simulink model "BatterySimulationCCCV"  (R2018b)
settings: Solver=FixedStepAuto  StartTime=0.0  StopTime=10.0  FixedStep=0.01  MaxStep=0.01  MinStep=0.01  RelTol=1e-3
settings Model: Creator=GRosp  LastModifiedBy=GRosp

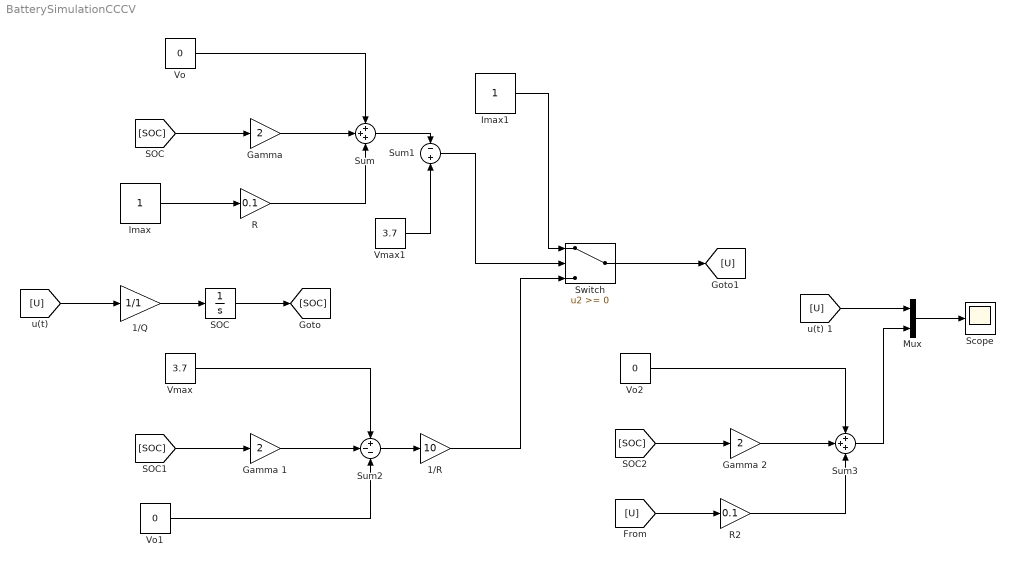
== system BatterySimulationCCCV ==
  1/Q : Gain  Gain=1/1
  "1/R " : Gain  Gain=10
  "Gamma " : Gain  Gain=2
  Gamma 1 : Gain  Gain=2
  Gamma 2 : Gain  Gain=2
  Imax : Constant
  Imax1 : Constant
  Mux : Mux  Inputs=2
  R : Gain  Gain=0.1
  R2 : Gain  Gain=0.1
  "SOC " : Integrator
  Scope : Scope
  Sum : Sum  Inputs=+++
  Sum1 : Sum  Inputs=-+
  Sum2 : Sum  Inputs=+--
  Sum3 : Sum  Inputs=+++
  Switch : Switch
  Vmax : Constant  Value=3.7
  "Vmax1 " : Constant  Value=3.7
  Vo : Constant  Value=0
  Vo1 : Constant  Value=0
  Vo2 : Constant  Value=0
  wires:
  Vo/1 -> Sum/1
  1/Q/1 -> "SOC "/1
  [U] -> 1/Q/1
  "SOC "/1 -> [SOC]
  Imax/1 -> R/1
  R/1 -> Sum/3
  Imax1/1 -> Switch/1
  [SOC] -> "Gamma "/1
  "Gamma "/1 -> Sum/2
  Sum/1 -> Sum1/1
  "Vmax1 "/1 -> Sum1/2
  Sum1/1 -> Switch/2
  Switch/1 -> [U]
  [SOC] -> Gamma 1/1
  Gamma 1/1 -> Sum2/2
  Vmax/1 -> Sum2/1
  [SOC] -> Gamma 2/1
  R2/1 -> Sum3/3
  Gamma 2/1 -> Sum3/2
  Vo2/1 -> Sum3/1
  Sum2/1 -> "1/R "/1
  "1/R "/1 -> Switch/3
  Vo1/1 -> Sum2/3
  [U] -> R2/1
  Sum3/1 -> Mux/2
  [U] -> Mux/1
  Mux/1 -> Scope/1

What this task involves
Your response must consist of the material above, reproduced word for word, with the images omitted.

Exercise output
simulink model "BatterySimulationCCCV"  (R2018b)
settings: Solver=FixedStepAuto  StartTime=0.0  StopTime=10.0  FixedStep=0.01  MaxStep=0.01  MinStep=0.01  RelTol=1e-3
settings Model: Creator=GRosp  LastModifiedBy=GRosp

== system BatterySimulationCCCV ==
  1/Q : Gain  Gain=1/1
  "1/R " : Gain  Gain=10
  "Gamma " : Gain  Gain=2
  Gamma 1 : Gain  Gain=2
  Gamma 2 : Gain  Gain=2
  Imax : Constant
  Imax1 : Constant
  Mux : Mux  Inputs=2
  R : Gain  Gain=0.1
  R2 : Gain  Gain=0.1
  "SOC " : Integrator
  Scope : Scope
  Sum : Sum  Inputs=+++
  Sum1 : Sum  Inputs=-+
  Sum2 : Sum  Inputs=+--
  Sum3 : Sum  Inputs=+++
  Switch : Switch
  Vmax : Constant  Value=3.7
  "Vmax1 " : Constant  Value=3.7
  Vo : Constant  Value=0
  Vo1 : Constant  Value=0
  Vo2 : Constant  Value=0
  wires:
  Vo/1 -> Sum/1
  1/Q/1 -> "SOC "/1
  [U] -> 1/Q/1
  "SOC "/1 -> [SOC]
  Imax/1 -> R/1
  R/1 -> Sum/3
  Imax1/1 -> Switch/1
  [SOC] -> "Gamma "/1
  "Gamma "/1 -> Sum/2
  Sum/1 -> Sum1/1
  "Vmax1 "/1 -> Sum1/2
  Sum1/1 -> Switch/2
  Switch/1 -> [U]
  [SOC] -> Gamma 1/1
  Gamma 1/1 -> Sum2/2
  Vmax/1 -> Sum2/1
  [SOC] -> Gamma 2/1
  R2/1 -> Sum3/3
  Gamma 2/1 -> Sum3/2
  Vo2/1 -> Sum3/1
  Sum2/1 -> "1/R "/1
  "1/R "/1 -> Switch/3
  Vo1/1 -> Sum2/3
  [U] -> R2/1
  Sum3/1 -> Mux/2
  [U] -> Mux/1
  Mux/1 -> Scope/1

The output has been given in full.